Drink, Chew, Breathe

I have a Barrett’s Oesophagus. This is a condition of the lower end of the oesophagus where repeated overflow of the acid from the stomach gradually irritates the lining of the oesophagus creating a sensitive, inflamed area which over time remodels itself to become more like the lining of the stomach. It is thought this adaptation is an attempt to cope better with the presence of excess acid. The process can continue to extend up the oesophagus and there may be a heightened risk of developing oesophageal cancer.

I see quite a few mates with this or a similar gastric problem such as an ulcer or GORD (gastro-oesophageal reflux disease). Various things can cause and/or aggravate the symptoms of pain, belching, heartburn and reflux (a sensation of swallowed food trying to make its way back up again). There are a variety of remedies ranging from over the counter antacid preparations, to prescription medication to neutralise the acid  and finally surgery to repair damage.

Or you can manage it yourself using my Drink, Chew, Breathe program. While this may not completely relieve the need for medication I believe it will help many and hopefully reduce the risk of the Barrett’s changes extending further up the oesophagus.

Drink – lots and lots of water. Water dilutes acid and cold water is for treating burns. One glass every two hours through the day at least. Don’t wait until you are thirsty, get in the habit of sipping repeatedly. Prior to any meal drink a glass of still water, and keep it topped up to sip through the meal. When finished, take another glass.

Chew – food will pass more easily and quickly if it is thoroughly destroyed by your teeth. Chew until there is nothing left to chew. Not only will this ease the demand for stomach acid to break down the food, it will slow your eating. I used to be an express eater, now I strive to finish last. Slowing your eating and more thorough chewing will also reduce gastric filling as the processing and emptying will be faster even if more food is still arriving. Like all habits, it is difficult to change, so here are some hints:

  • put your cutlery down between mouthfuls
  • consciously taste, feel and enjoy your food, focus on it, savour it
  • take a sip of water after every five or so mouthfuls
  • do not pick up your cutlery until your mouth is completely empty
There are also some things to avoid:
  • don’t eat while distracted – office desk, reading, TV, watching sport
  • don’t eat on the run (or walk)
  • avoid drinking carbonated water or other fizzy drinks while eating (and probably always)
Breathe – Whilst eating, be sure to breathe slowly and evenly. This can be done during chewing, and be sure to breathe out just prior to swallowing so you are not gulping air as well. Picking up your cutlery is a good cue to breathe.  Movement of the diaphragm muscle (through which the oesophagus passes) not only moves air in and out of the lungs, but also ‘massages’ the stomach and oesophagus as it relaxes (rises) and tenses (flattens down). During periods of gastric discomfort or reflux symptoms, take a few moments for some deeper, relaxed breathing but only in a standing or upright sitting posture.  This works particularly well if you notice your symptoms are worse during emotional stress reactions. When pressured for time, aggravated by traffic, let down by others (or self) or conflicted by circumstances the settling process of slow, deep breathing may help.
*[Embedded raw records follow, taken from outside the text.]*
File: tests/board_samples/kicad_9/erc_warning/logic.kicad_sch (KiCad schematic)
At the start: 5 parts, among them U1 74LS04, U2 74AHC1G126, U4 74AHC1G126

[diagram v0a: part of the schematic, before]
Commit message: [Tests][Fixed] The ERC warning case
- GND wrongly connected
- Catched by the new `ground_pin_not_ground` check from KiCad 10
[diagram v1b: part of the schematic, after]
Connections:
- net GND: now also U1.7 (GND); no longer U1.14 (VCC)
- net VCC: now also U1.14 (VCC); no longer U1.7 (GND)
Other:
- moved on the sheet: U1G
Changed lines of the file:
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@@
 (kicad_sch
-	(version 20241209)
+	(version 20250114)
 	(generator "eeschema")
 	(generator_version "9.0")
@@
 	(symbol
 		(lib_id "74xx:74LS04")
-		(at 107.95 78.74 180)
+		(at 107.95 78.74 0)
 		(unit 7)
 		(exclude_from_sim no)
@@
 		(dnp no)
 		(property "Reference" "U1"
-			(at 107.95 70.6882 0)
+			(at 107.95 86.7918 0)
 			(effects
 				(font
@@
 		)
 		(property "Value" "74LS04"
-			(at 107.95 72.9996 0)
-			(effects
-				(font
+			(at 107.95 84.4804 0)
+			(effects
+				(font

Alongside this program there is the usual process of identifying and reducing those foods or drinks that aggravate your gastric reflux or pain. Spicy, bulky or fizzy intakes are often implicated. For me it is onions, and it doesn’t seem to matter if it is raw salad onion, baked, caramelized or fried onion.

Final thought, and it is not original but still works a treat, is for when you have reflux or pain after a trigger. HONEY – a teaspoon or two of honey is an effective anti-irritant and acid neutraliser. The less processed the honey the better for this effect. It is also an antibiotic and given that stomach ulcers have been shown to be due to a bacterial infection it just might help ongoing management if taken regularly (take care if you are diabetic).